Hardstone is a non-scientific term, mostly encountered in the decorative arts or archaeology, that has a similar meaning to semi-precious stones, or gemstones. Very hard building stones, such as granite, are not included in the term in this sense, but only stones which are fairly hard and regarded as attractive – ones which could be used in jewellery. Hardstone carving is the three-dimensional carving for artistic purposes of semi-precious stones such as jade, agate, onyx, rock crystal, sard or carnelian, and a general term for an object made in this way. Two-dimensional inlay techniques for floors, furniture and walls include pietre dure, opus sectile (Ancient Roman), and medieval Cosmatesque work – these typically inlay hardstone pieces into a background of marble or some other building stone.

The definition of "hardstone" is not very rigid, but excludes "soft" stones such as soapstone (steatite) and minerals such as alabaster, both widely used for carving. Hard organic minerals such as amber and jet are included, as well as the mineraloid obsidian. Geologically speaking, most of the gemstones carved in the West are varieties of quartz, including chalcedony, agate, amethyst, sard, onyx, carnelian, heliotrope, jasper and quartz in its uncoloured form, known as rock crystal. On the Mohs scale of mineral hardness, quartz rates no higher than a 7, less for types with impurities. Stones typically used for buildings and large sculpture are not often used for small objects such as vessels, although this does occur.
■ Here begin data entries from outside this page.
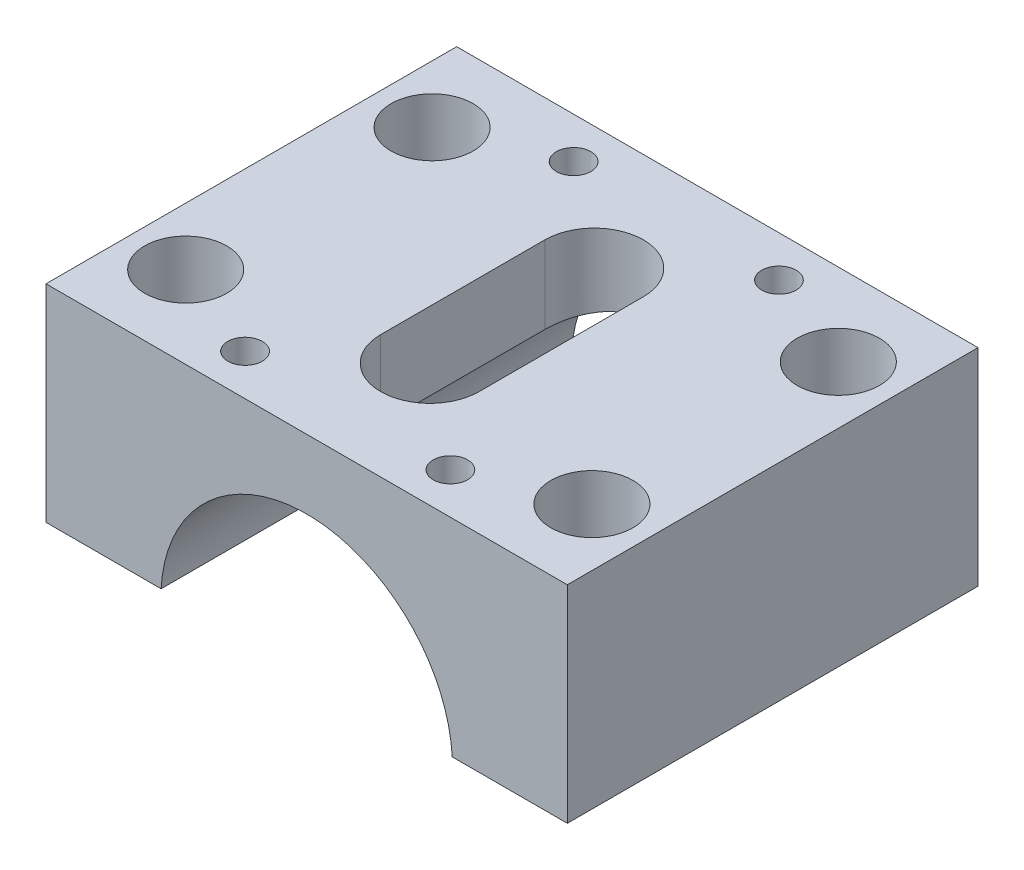
ISO-10303-21;
HEADER;
FILE_DESCRIPTION(('STEP AP214'),'2;1');
FILE_NAME('part.step','',(''),(''),'','','');
FILE_SCHEMA(('AUTOMOTIVE_DESIGN { 1 0 10303 214 1 1 1 1 }'));
ENDSEC;
DATA;
#1=APPLICATION_CONTEXT('core data for automotive mechanical design processes');
#2=APPLICATION_PROTOCOL_DEFINITION('international standard','automotive_design',2000,#1);
#3=PRODUCT_CONTEXT('',#1,'mechanical');
#4=PRODUCT('Part','Part','',(#3));
#5=PRODUCT_RELATED_PRODUCT_CATEGORY('part','',(#4));
#6=PRODUCT_DEFINITION_FORMATION('','',#4);
#7=PRODUCT_DEFINITION_CONTEXT('part definition',#1,'design');
#8=PRODUCT_DEFINITION('design','',#6,#7);
#9=PRODUCT_DEFINITION_SHAPE('','',#8);
#10=(LENGTH_UNIT() NAMED_UNIT(*) SI_UNIT(.MILLI.,.METRE.));
#11=(NAMED_UNIT(*) PLANE_ANGLE_UNIT() SI_UNIT($,.RADIAN.));
#12=(NAMED_UNIT(*) SI_UNIT($,.STERADIAN.) SOLID_ANGLE_UNIT());
#13=UNCERTAINTY_MEASURE_WITH_UNIT(LENGTH_MEASURE(1.E-05),#10,'distance_accuracy_value','');
#14=(GEOMETRIC_REPRESENTATION_CONTEXT(3) GLOBAL_UNCERTAINTY_ASSIGNED_CONTEXT((#13)) GLOBAL_UNIT_ASSIGNED_CONTEXT((#10,
#11,#12)) REPRESENTATION_CONTEXT('',''));
#15=CARTESIAN_POINT('',(0.,0.,0.));
#16=DIRECTION('',(0.,0.,1.));
#17=DIRECTION('',(1.,0.,0.));
#18=AXIS2_PLACEMENT_3D('',#15,#16,#17);
#19=CARTESIAN_POINT('',(-31.734248061046,1.,50.));
#20=DIRECTION('',(0.,1.,0.));
#21=DIRECTION('',(0.,0.,1.));
#22=AXIS2_PLACEMENT_3D('',#19,#20,#21);
#23=PLANE('',#22);
#24=CARTESIAN_POINT('',(-24.7280283297466,1.,10.));
#25=DIRECTION('',(0.,-1.,0.));
#26=DIRECTION('',(0.,0.,-1.));
#27=AXIS2_PLACEMENT_3D('',#24,#25,#26);
#28=CIRCLE('',#27,2.5);
#29=CARTESIAN_POINT('',(-24.7280283297466,1.,7.5));
#30=VERTEX_POINT('',#29);
#31=EDGE_CURVE('E382',#30,#30,#28,.T.);
#32=ORIENTED_EDGE('',*,*,#31,.F.);
#33=EDGE_LOOP('',(#32));
#34=FACE_BOUND('',#33,.T.);
#35=DIRECTION('',(1.,0.,0.));
#36=VECTOR('',#35,1.);
#37=CARTESIAN_POINT('',(-31.734248061046,1.,0.));
#38=LINE('',#37,#36);
#39=CARTESIAN_POINT('',(-31.734248061046,1.,0.));
#40=VERTEX_POINT('',#39);
#41=CARTESIAN_POINT('',(-17.7218085984473,0.999999999999997,0.));
#42=VERTEX_POINT('',#41);
#43=EDGE_CURVE('E339',#40,#42,#38,.T.);
#44=ORIENTED_EDGE('',*,*,#43,.T.);
#45=DIRECTION('',(0.,0.,-1.));
#46=VECTOR('',#45,1.);
#47=CARTESIAN_POINT('',(-17.7218085984473,0.999999999999997,50.));
#48=LINE('',#47,#46);
#49=CARTESIAN_POINT('',(-17.7218085984473,0.999999999999997,50.));
#50=VERTEX_POINT('',#49);
#51=EDGE_CURVE('E335',#50,#42,#48,.T.);
#52=ORIENTED_EDGE('',*,*,#51,.F.);
#53=DIRECTION('',(1.,0.,0.));
#54=VECTOR('',#53,1.);
#55=CARTESIAN_POINT('',(-31.734248061046,1.,50.));
#56=LINE('',#55,#54);
#57=CARTESIAN_POINT('',(-31.734248061046,1.,50.));
#58=VERTEX_POINT('',#57);
#59=EDGE_CURVE('E351',#58,#50,#56,.T.);
#60=ORIENTED_EDGE('',*,*,#59,.F.);
#61=DIRECTION('',(0.,0.,-1.));
#62=VECTOR('',#61,1.);
#63=CARTESIAN_POINT('',(-31.734248061046,1.,50.));
#64=LINE('',#63,#62);
#65=EDGE_CURVE('E67',#58,#40,#64,.T.);
#66=ORIENTED_EDGE('',*,*,#65,.T.);
#67=EDGE_LOOP('',(#44,#52,#60,#66));
#68=FACE_BOUND('',#67,.T.);
#69=CARTESIAN_POINT('',(-24.7280283297466,1.,40.));
#70=DIRECTION('',(0.,-1.,0.));
#71=DIRECTION('',(0.,0.,-1.));
#72=AXIS2_PLACEMENT_3D('',#69,#70,#71);
#73=CIRCLE('',#72,2.5);
#74=CARTESIAN_POINT('',(-24.7280283297466,1.,37.5));
#75=VERTEX_POINT('',#74);
#76=EDGE_CURVE('E385',#75,#75,#73,.T.);
#77=ORIENTED_EDGE('',*,*,#76,.F.);
#78=EDGE_LOOP('',(#77));
#79=FACE_BOUND('',#78,.T.);
#80=ADVANCED_FACE('F59',(#34,#68,#79),#23,.F.);
#81=CARTESIAN_POINT('',(0.,0.,50.));
#82=DIRECTION('',(0.,0.,-1.));
#83=DIRECTION('',(-1.,0.,0.));
#84=AXIS2_PLACEMENT_3D('',#81,#82,#83);
#85=CYLINDRICAL_SURFACE('',#84,17.75);
#86=DIRECTION('',(0.,0.,-1.));
#87=VECTOR('',#86,1.);
#88=CARTESIAN_POINT('',(-6.,16.7051638722881,50.));
#89=LINE('',#88,#87);
#90=CARTESIAN_POINT('',(-6.,16.7051638722881,35.));
#91=VERTEX_POINT('',#90);
#92=CARTESIAN_POINT('',(-6.,16.7051638722881,15.));
#93=VERTEX_POINT('',#92);
#94=EDGE_CURVE('E325',#91,#93,#89,.T.);
#95=ORIENTED_EDGE('',*,*,#94,.F.);
#96=CARTESIAN_POINT('',(6.,16.7051638722881,35.));
#97=CARTESIAN_POINT('',(6.00002342007143,16.7051365414949,35.1635480674207));
#98=CARTESIAN_POINT('',(5.99331409026112,16.7075647258007,35.3270857677742));
#99=CARTESIAN_POINT('',(5.96660432457967,16.7171320030722,35.652889514839));
#100=CARTESIAN_POINT('',(5.9466075678763,16.7242697919873,35.8151559009854));
#101=CARTESIAN_POINT('',(5.89357724858138,16.7430280345512,36.1367722796383));
#102=CARTESIAN_POINT('',(5.86058318341207,16.754634904753,36.2961295914589));
#103=CARTESIAN_POINT('',(5.78187292592793,16.7819602677661,36.6113118511021));
#104=CARTESIAN_POINT('',(5.73615625437459,16.7976789154596,36.7671366656224));
#105=CARTESIAN_POINT('',(5.63244556957572,16.8327372666503,37.0740731154286));
#106=CARTESIAN_POINT('',(5.5744618826778,16.8520739229428,37.225188593033));
#107=CARTESIAN_POINT('',(5.44664238090107,16.8938185798991,37.5219432584875));
#108=CARTESIAN_POINT('',(5.37680214225187,16.91622772633,37.6675803774535));
#109=CARTESIAN_POINT('',(5.22578838635883,16.963487061155,37.9524795941462));
#110=CARTESIAN_POINT('',(5.14461229712971,16.988337803141,38.0917402355688));
#111=CARTESIAN_POINT('',(4.97146486025809,17.0398120576225,38.363101586681));
#112=CARTESIAN_POINT('',(4.87948962832843,17.0664362064864,38.4951996949894));
#113=CARTESIAN_POINT('',(4.68183431450372,17.1217356884626,38.7560842050773));
#114=CARTESIAN_POINT('',(4.57577885881734,17.1504503813225,38.8845780067753));
#115=CARTESIAN_POINT('',(4.35340058577292,17.2082421789065,39.1322639179705));
#116=CARTESIAN_POINT('',(4.23707756316293,17.2373192908655,39.2514558414303));
#117=CARTESIAN_POINT('',(3.99483022450528,17.2950668741335,39.4798495696576));
#118=CARTESIAN_POINT('',(3.86890253979927,17.323737198549,39.5890478395198));
#119=CARTESIAN_POINT('',(3.60828257109103,17.3798894537477,39.7966701841972));
#120=CARTESIAN_POINT('',(3.47359335570537,17.4073717950536,39.8950979991787));
#121=CARTESIAN_POINT('',(3.19241700567326,17.4611572897031,40.0830945540191));
#122=CARTESIAN_POINT('',(3.04570771927342,17.4874074957652,40.1723466336045));
#123=CARTESIAN_POINT('',(2.74487413756477,17.5371433474165,40.3380844595887));
#124=CARTESIAN_POINT('',(2.59075285195165,17.5606301019936,40.4145753323143));
#125=CARTESIAN_POINT('',(2.27607126811911,17.6041821829219,40.554199575868));
#126=CARTESIAN_POINT('',(2.11550990140112,17.6242469385915,40.6173307191363));
#127=CARTESIAN_POINT('',(1.78920718040851,17.6603557164245,40.7296153246076));
#128=CARTESIAN_POINT('',(1.62346819757881,17.6764015498211,40.7787750847327));
#129=CARTESIAN_POINT('',(1.2939370559646,17.7035190514898,40.8611898531046));
#130=CARTESIAN_POINT('',(1.13028273867241,17.7147463284741,40.8949450909246));
#131=CARTESIAN_POINT('',(0.80055135890321,17.7327060439557,40.9486979167892));
#132=CARTESIAN_POINT('',(0.634475324305889,17.7394403358044,40.9687011776123));
#133=CARTESIAN_POINT('',(0.301111376380601,17.7482290372184,40.9947714589517));
#134=CARTESIAN_POINT('',(0.133823478621162,17.7502835067979,41.0008386581841));
#135=CARTESIAN_POINT('',(-0.200663382374875,17.7496535695884,40.9989751915117));
#136=CARTESIAN_POINT('',(-0.367862347639956,17.7469692759697,40.9910448598939));
#137=CARTESIAN_POINT('',(-0.694112668740136,17.7371434247946,40.9618733934276));
#138=CARTESIAN_POINT('',(-0.853219423674938,17.7301870755693,40.9411852081814));
#139=CARTESIAN_POINT('',(-1.16909348858325,17.7121640102108,40.8871811408754));
#140=CARTESIAN_POINT('',(-1.32585998992614,17.7010959060361,40.8538609944546));
#141=CARTESIAN_POINT('',(-1.63587502360733,17.6751408316399,40.7749018680635));
#142=CARTESIAN_POINT('',(-1.78912472668508,17.6602551529835,40.7292670541304));
#143=CARTESIAN_POINT('',(-2.09121751486416,17.6270363851067,40.6260376134251));
#144=CARTESIAN_POINT('',(-2.24005891220177,17.6087019947665,40.5684384719286));
#145=CARTESIAN_POINT('',(-2.53424365067538,17.5687913601538,40.4409229677589));
#146=CARTESIAN_POINT('',(-2.67951670042951,17.5471761971275,40.3708567117232));
#147=CARTESIAN_POINT('',(-2.96369547934685,17.5014208689384,40.219429228615));
#148=CARTESIAN_POINT('',(-3.10259900868277,17.4772798407298,40.1380641377931));
#149=CARTESIAN_POINT('',(-3.37318788302114,17.4270778264192,39.964617888958));
#150=CARTESIAN_POINT('',(-3.50487282999016,17.40101673463,39.8725361408997));
#151=CARTESIAN_POINT('',(-3.76027934111379,17.3476172519324,39.6782525140165));
#152=CARTESIAN_POINT('',(-3.88400060689633,17.3202788132324,39.5760502563741));
#153=CARTESIAN_POINT('',(-4.12858069572515,17.2636564200596,39.3569560161169));
#154=CARTESIAN_POINT('',(-4.24901026058293,17.2343423867391,39.2395921780816));
#155=CARTESIAN_POINT('',(-4.4795771268587,17.1758561337556,38.9951975716192));
#156=CARTESIAN_POINT('',(-4.58971762724468,17.1466838727062,38.8681698302272));
#157=CARTESIAN_POINT('',(-4.7991210603441,17.0892578880068,38.6050963977285));
#158=CARTESIAN_POINT('',(-4.89837631781216,17.0610048222342,38.4690444507081));
#159=CARTESIAN_POINT('',(-5.08520781892287,17.0062528863796,38.1888867436865));
#160=CARTESIAN_POINT('',(-5.17278861712651,16.9797533342425,38.0447841558055));
#161=CARTESIAN_POINT('',(-5.33697878779275,16.928870806327,37.7470028158934));
#162=CARTESIAN_POINT('',(-5.41338988724082,16.9045285462766,37.5932076240204));
#163=CARTESIAN_POINT('',(-5.55287251715026,16.8592255234493,37.2792752014284));
#164=CARTESIAN_POINT('',(-5.6159496138666,16.8382633505314,37.1191406503401));
#165=CARTESIAN_POINT('',(-5.72816785783277,16.8004197208411,36.7937864930715));
#166=CARTESIAN_POINT('',(-5.7773242610427,16.7835337998442,36.6285726752941));
#167=CARTESIAN_POINT('',(-5.86129010281429,16.7543948139634,36.2942095086042));
#168=CARTESIAN_POINT('',(-5.89610608361684,16.7421396367004,36.1250619915753));
#169=CARTESIAN_POINT('',(-5.94898531422032,16.7234218880272,35.7969109803414));
#170=CARTESIAN_POINT('',(-5.9681095355349,16.7165936842612,35.6380986103494));
#171=CARTESIAN_POINT('',(-5.9936190489736,16.7074552873122,35.3195282200375));
#172=CARTESIAN_POINT('',(-6.00002036822412,16.7051394099935,35.1597716440503));
#173=CARTESIAN_POINT('',(-6.,16.7051638722881,35.));
#174=B_SPLINE_CURVE_WITH_KNOTS('',3,(#96,#97,#98,#99,#100,#101,#102,#103,#104,#105,#106,#107,
#108,#109,#110,#111,#112,#113,#114,#115,#116,#117,#118,#119,#120,#121,#122,#123,#124,#125,#126,
#127,#128,#129,#130,#131,#132,#133,#134,#135,#136,#137,#138,#139,#140,#141,#142,#143,#144,#145,
#146,#147,#148,#149,#150,#151,#152,#153,#154,#155,#156,#157,#158,#159,#160,#161,#162,#163,#164,
#165,#166,#167,#168,#169,#170,#171,#172,#173),.UNSPECIFIED.,.F.,.F.,(4,2,2,2,2,2,2,2,2,2,2,2,2,
2,2,2,2,2,2,2,2,2,2,2,2,2,2,2,2,2,2,2,2,2,2,2,2,2,4),(0.,0.490472545918875,0.98080934100671,
1.4696674100072,1.95854389593631,2.4470104726231,2.93565970209931,3.42441998162882,
3.91335660245956,4.41997790163518,4.92660933062793,5.43341927568454,5.94005266276983,
6.46056872703177,6.98087518775703,7.50126833453608,8.02142652872063,8.5232210755085,
9.0248085044319,9.52638950096331,10.0279585189793,10.5091832820183,10.9905706442039,
11.4717953573418,11.9532019909966,12.4408448359006,12.9286548476749,13.4164917303464,
13.9043468799818,14.4158435133775,14.9271805846104,15.4388759152851,15.9503710301442,
16.4700615590999,16.9895347139059,17.5084363451177,18.0271009854307,18.5068497362949,
18.9859937603852),.UNSPECIFIED.);
#175=CARTESIAN_POINT('',(6.,16.7051638722881,35.));
#176=VERTEX_POINT('',#175);
#177=EDGE_CURVE('E229',#176,#91,#174,.T.);
#178=ORIENTED_EDGE('',*,*,#177,.F.);
#179=DIRECTION('',(0.,0.,-1.));
#180=VECTOR('',#179,1.);
#181=CARTESIAN_POINT('',(6.,16.7051638722881,50.));
#182=LINE('',#181,#180);
#183=CARTESIAN_POINT('',(6.,16.7051638722881,15.));
#184=VERTEX_POINT('',#183);
#185=EDGE_CURVE('E217',#184,#176,#182,.F.);
#186=ORIENTED_EDGE('',*,*,#185,.F.);
#187=CARTESIAN_POINT('',(-6.,16.7051638722881,15.));
#188=CARTESIAN_POINT('',(-6.00002342007143,16.7051365414949,14.8364519325793));
#189=CARTESIAN_POINT('',(-5.99331409026111,16.7075647258007,14.6729142322258));
#190=CARTESIAN_POINT('',(-5.96660432457967,16.7171320030722,14.347110485161));
#191=CARTESIAN_POINT('',(-5.9466075678763,16.7242697919873,14.1848440990146));
#192=CARTESIAN_POINT('',(-5.89357724858138,16.7430280345512,13.8632277203617));
#193=CARTESIAN_POINT('',(-5.86058318341206,16.754634904753,13.7038704085411));
#194=CARTESIAN_POINT('',(-5.78187292592793,16.7819602677661,13.3886881488979));
#195=CARTESIAN_POINT('',(-5.73615625437459,16.7976789154596,13.2328633343776));
#196=CARTESIAN_POINT('',(-5.63244556957572,16.8327372666503,12.9259268845714));
#197=CARTESIAN_POINT('',(-5.5744618826778,16.8520739229428,12.774811406967));
#198=CARTESIAN_POINT('',(-5.44664238090107,16.8938185798991,12.4780567415125));
#199=CARTESIAN_POINT('',(-5.37680214225186,16.91622772633,12.3324196225465));
#200=CARTESIAN_POINT('',(-5.22578838635882,16.963487061155,12.0475204058538));
#201=CARTESIAN_POINT('',(-5.14461229712971,16.988337803141,11.9082597644312));
#202=CARTESIAN_POINT('',(-4.97146486025808,17.0398120576225,11.636898413319));
#203=CARTESIAN_POINT('',(-4.87948962832842,17.0664362064864,11.5048003050106));
#204=CARTESIAN_POINT('',(-4.68183431450372,17.1217356884626,11.2439157949228));
#205=CARTESIAN_POINT('',(-4.57577885881734,17.1504503813225,11.1154219932247));
#206=CARTESIAN_POINT('',(-4.35340058577292,17.2082421789065,10.8677360820295));
#207=CARTESIAN_POINT('',(-4.23707756316292,17.2373192908655,10.7485441585697));
#208=CARTESIAN_POINT('',(-3.99483022450527,17.2950668741335,10.5201504303424));
#209=CARTESIAN_POINT('',(-3.86890253979926,17.323737198549,10.4109521604802));
#210=CARTESIAN_POINT('',(-3.60828257109102,17.3798894537477,10.2033298158028));
#211=CARTESIAN_POINT('',(-3.47359335570536,17.4073717950536,10.1049020008213));
#212=CARTESIAN_POINT('',(-3.19241700567326,17.4611572897031,9.91690544598085));
#213=CARTESIAN_POINT('',(-3.04570771927341,17.4874074957652,9.82765336639554));
#214=CARTESIAN_POINT('',(-2.74487413756477,17.5371433474165,9.66191554041129));
#215=CARTESIAN_POINT('',(-2.59075285195164,17.5606301019936,9.58542466768575));
#216=CARTESIAN_POINT('',(-2.2760712681191,17.6041821829219,9.44580042413195));
#217=CARTESIAN_POINT('',(-2.11550990140111,17.6242469385915,9.38266928086366));
#218=CARTESIAN_POINT('',(-1.7892071804085,17.6603557164245,9.27038467539244));
#219=CARTESIAN_POINT('',(-1.62346819757881,17.6764015498211,9.22122491526731));
#220=CARTESIAN_POINT('',(-1.29393705596459,17.7035190514898,9.13881014689541));
#221=CARTESIAN_POINT('',(-1.1302827386724,17.7147463284741,9.10505490907543));
#222=CARTESIAN_POINT('',(-0.800551358903203,17.7327060439557,9.05130208321085));
#223=CARTESIAN_POINT('',(-0.634475324305883,17.7394403358044,9.03129882238769));
#224=CARTESIAN_POINT('',(-0.301111376380595,17.7482290372184,9.00522854104826));
#225=CARTESIAN_POINT('',(-0.133823478621156,17.7502835067979,8.99916134181595));
#226=CARTESIAN_POINT('',(0.200663382374881,17.7496535695884,9.00102480848829));
#227=CARTESIAN_POINT('',(0.367862347639962,17.7469692759697,9.00895514010612));
#228=CARTESIAN_POINT('',(0.694112668740141,17.7371434247946,9.03812660657236));
#229=CARTESIAN_POINT('',(0.853219423674942,17.7301870755693,9.05881479181859));
#230=CARTESIAN_POINT('',(1.16909348858325,17.7121640102108,9.11281885912462));
#231=CARTESIAN_POINT('',(1.32585998992615,17.7010959060361,9.14613900554543));
#232=CARTESIAN_POINT('',(1.63587502360733,17.6751408316399,9.22509813193652));
#233=CARTESIAN_POINT('',(1.78912472668509,17.6602551529835,9.27073294586959));
#234=CARTESIAN_POINT('',(2.09121751486416,17.6270363851067,9.37396238657486));
#235=CARTESIAN_POINT('',(2.24005891220178,17.6087019947665,9.43156152807137));
#236=CARTESIAN_POINT('',(2.53424365067538,17.5687913601538,9.55907703224106));
#237=CARTESIAN_POINT('',(2.67951670042951,17.5471761971275,9.6291432882768));
#238=CARTESIAN_POINT('',(2.96369547934686,17.5014208689383,9.78057077138503));
#239=CARTESIAN_POINT('',(3.10259900868277,17.4772798407298,9.86193586220694));
#240=CARTESIAN_POINT('',(3.37318788302114,17.4270778264192,10.035382111042));
#241=CARTESIAN_POINT('',(3.50487282999016,17.40101673463,10.1274638591003));
#242=CARTESIAN_POINT('',(3.76027934111379,17.3476172519324,10.3217474859835));
#243=CARTESIAN_POINT('',(3.88400060689633,17.3202788132324,10.4239497436259));
#244=CARTESIAN_POINT('',(4.12858069572516,17.2636564200596,10.6430439838831));
#245=CARTESIAN_POINT('',(4.24901026058293,17.2343423867391,10.7604078219184));
#246=CARTESIAN_POINT('',(4.4795771268587,17.1758561337556,11.0048024283808));
#247=CARTESIAN_POINT('',(4.58971762724468,17.1466838727062,11.1318301697728));
#248=CARTESIAN_POINT('',(4.7991210603441,17.0892578880068,11.3949036022715));
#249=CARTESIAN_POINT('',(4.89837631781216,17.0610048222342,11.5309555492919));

The term is derived from a literal translation of the Italian plural pietre dure, 'hard stones', which in Italian covers all hardstone carving. The semi-anglicized singular pietra dura is used in English for multi-coloured stone inlay work, in fact using marbles as much as semi-precious stones, which was a Florentine speciality from the Renaissance onwards. Pietre dure is sometimes used for Italian or European vessels and small sculptures of the same period.